# Problem after clutch replacement 92 240sx



## IISLYCKII (Jun 24, 2005)

I am working on a 92 240sx, just replace the clutch, clutch master, and slave cylinder.. now I don't have a clutch panel ??? Have anyone of you ran into this problem before, if so what was the fix ? 
e-mail address [email protected]


----------



## Matt93SE (Sep 17, 2003)

what's a clutch panel?

Would also help if you posted in the proper forum.


----------



## rogoman (Dec 16, 2004)

IISLYCKII said:


> I am working on a 92 240sx, just replace the clutch, clutch master, and slave cylinder.. now I don't have a clutch panel ??? Have anyone of you ran into this problem before, if so what was the fix ?
> e-mail address [email protected]


Did you bleed the air out of the hydraulic system?


----------



## rogoman (Dec 16, 2004)

Why have you double posted?


----------



## Nismo240 (Jul 24, 2004)

actually, he triple posted. (its in general, too)


----------



## Harris (Nov 11, 2002)

Nismo240 said:


> actually, he triple posted. (its in general, too)




Not anymore.


----------



## IISLYCKII (Jun 24, 2005)

Harris said:


> Not anymore.


sorry about that , how can I delete a posted


----------



## 240luvr (Oct 8, 2004)

Now...if I knew what a clutch panel was...I might be able to help a little better.

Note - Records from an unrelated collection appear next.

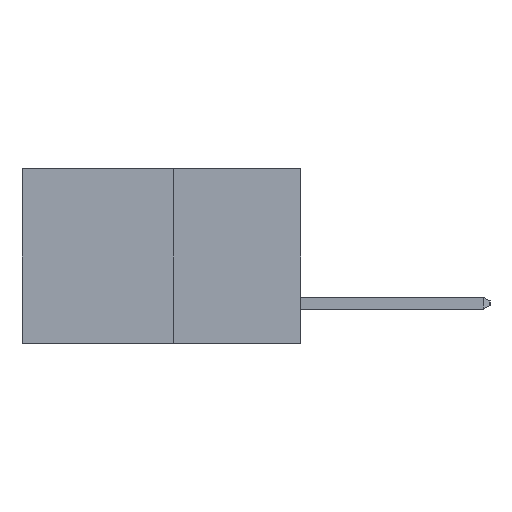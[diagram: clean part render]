
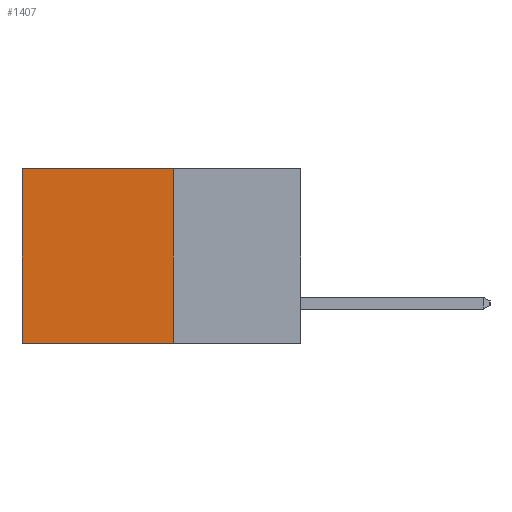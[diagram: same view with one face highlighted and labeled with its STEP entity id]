
A CAD part, left-side view. The second image highlights one B-rep face of the part: STEP entity #1407.
In plain terms, the highlighted planar face has unit normal (-1, 0, 0).
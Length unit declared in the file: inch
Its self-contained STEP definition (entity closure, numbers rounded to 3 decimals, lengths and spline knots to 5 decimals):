
#199 = PLANE ( 'NONE',  #5866 ) ;
#226 = EDGE_CURVE ( 'NONE', #4090, #4696, #10855, .T. ) ;
#267 = VERTEX_POINT ( 'NONE', #6487 ) ;
#288 = ORIENTED_EDGE ( 'NONE', *, *, #226, .F. ) ;
#963 = DIRECTION ( 'NONE',  ( 0., 0., -1. ) ) ;
#1103 = CARTESIAN_POINT ( 'NONE',  ( 0.277, 0.27, -0.37 ) ) ;
#1407 = ADVANCED_FACE ( 'NONE', ( #7794 ), #199, .F. ) ;
#1592 = VECTOR ( 'NONE', #8479, 39.37008 ) ;
#2440 = CARTESIAN_POINT ( 'NONE',  ( 0.277, 0.27, -0.37 ) ) ;
#2641 = LINE ( 'NONE', #9448, #4495 ) ;
#2953 = CARTESIAN_POINT ( 'NONE',  ( 0.277, 0.27, 0. ) ) ;
#4090 = VERTEX_POINT ( 'NONE', #9483 ) ;
#4398 = DIRECTION ( 'NONE',  ( 0., 1., 0. ) ) ;
#4495 = VECTOR ( 'NONE', #8815, 39.37008 ) ;
#4598 = DIRECTION ( 'NONE',  ( 0., 0., -1. ) ) ;
#4696 = VERTEX_POINT ( 'NONE', #9759 ) ;
#5068 = VECTOR ( 'NONE', #4398, 39.37008 ) ;
#5866 = AXIS2_PLACEMENT_3D ( 'NONE', #2440, #6404, #4598 ) ;
#5883 = EDGE_CURVE ( 'NONE', #4090, #267, #7627, .T. ) ;
#6030 = CARTESIAN_POINT ( 'NONE',  ( 0.277, 0.59, -0.37 ) ) ;
#6289 = EDGE_CURVE ( 'NONE', #4696, #6319, #2641, .T. ) ;
#6319 = VERTEX_POINT ( 'NONE', #8386 ) ;
#6404 = DIRECTION ( 'NONE',  ( 1., 0., 0. ) ) ;
#6487 = CARTESIAN_POINT ( 'NONE',  ( 0.277, 0.59, 0. ) ) ;
#7627 = LINE ( 'NONE', #2953, #5068 ) ;
#7794 = FACE_OUTER_BOUND ( 'NONE', #8159, .T. ) ;
#8089 = EDGE_CURVE ( 'NONE', #267, #6319, #8307, .T. ) ;
#8159 = EDGE_LOOP ( 'NONE', ( #8708, #8312, #288, #9016 ) ) ;
#8307 = LINE ( 'NONE', #6030, #1592 ) ;
#8312 = ORIENTED_EDGE ( 'NONE', *, *, #6289, .F. ) ;
#8386 = CARTESIAN_POINT ( 'NONE',  ( 0.277, 0.59, -0.37 ) ) ;
#8479 = DIRECTION ( 'NONE',  ( 0., 0., -1. ) ) ;
#8708 = ORIENTED_EDGE ( 'NONE', *, *, #8089, .T. ) ;
#8815 = DIRECTION ( 'NONE',  ( 0., 1., 0. ) ) ;
#8976 = VECTOR ( 'NONE', #963, 39.37008 ) ;
#9016 = ORIENTED_EDGE ( 'NONE', *, *, #5883, .T. ) ;
#9448 = CARTESIAN_POINT ( 'NONE',  ( 0.277, 0.27, -0.37 ) ) ;
#9483 = CARTESIAN_POINT ( 'NONE',  ( 0.277, 0.27, 0. ) ) ;
#9759 = CARTESIAN_POINT ( 'NONE',  ( 0.277, 0.27, -0.37 ) ) ;
#10855 = LINE ( 'NONE', #1103, #8976 ) ;

But I'm going to go out on a limb and pretend that you meant clutch pedal? As in after you replaced everything your pedal just goes to the floor, no pressure at all. If this is the case... Did you bleed the hydraulic system? If there is air in the hydraulic lines, you will have no pedal feel...or you get some and it will gradually die off. If you weren't talking about the pedal...then please elaborate what a clutch panel is...


----------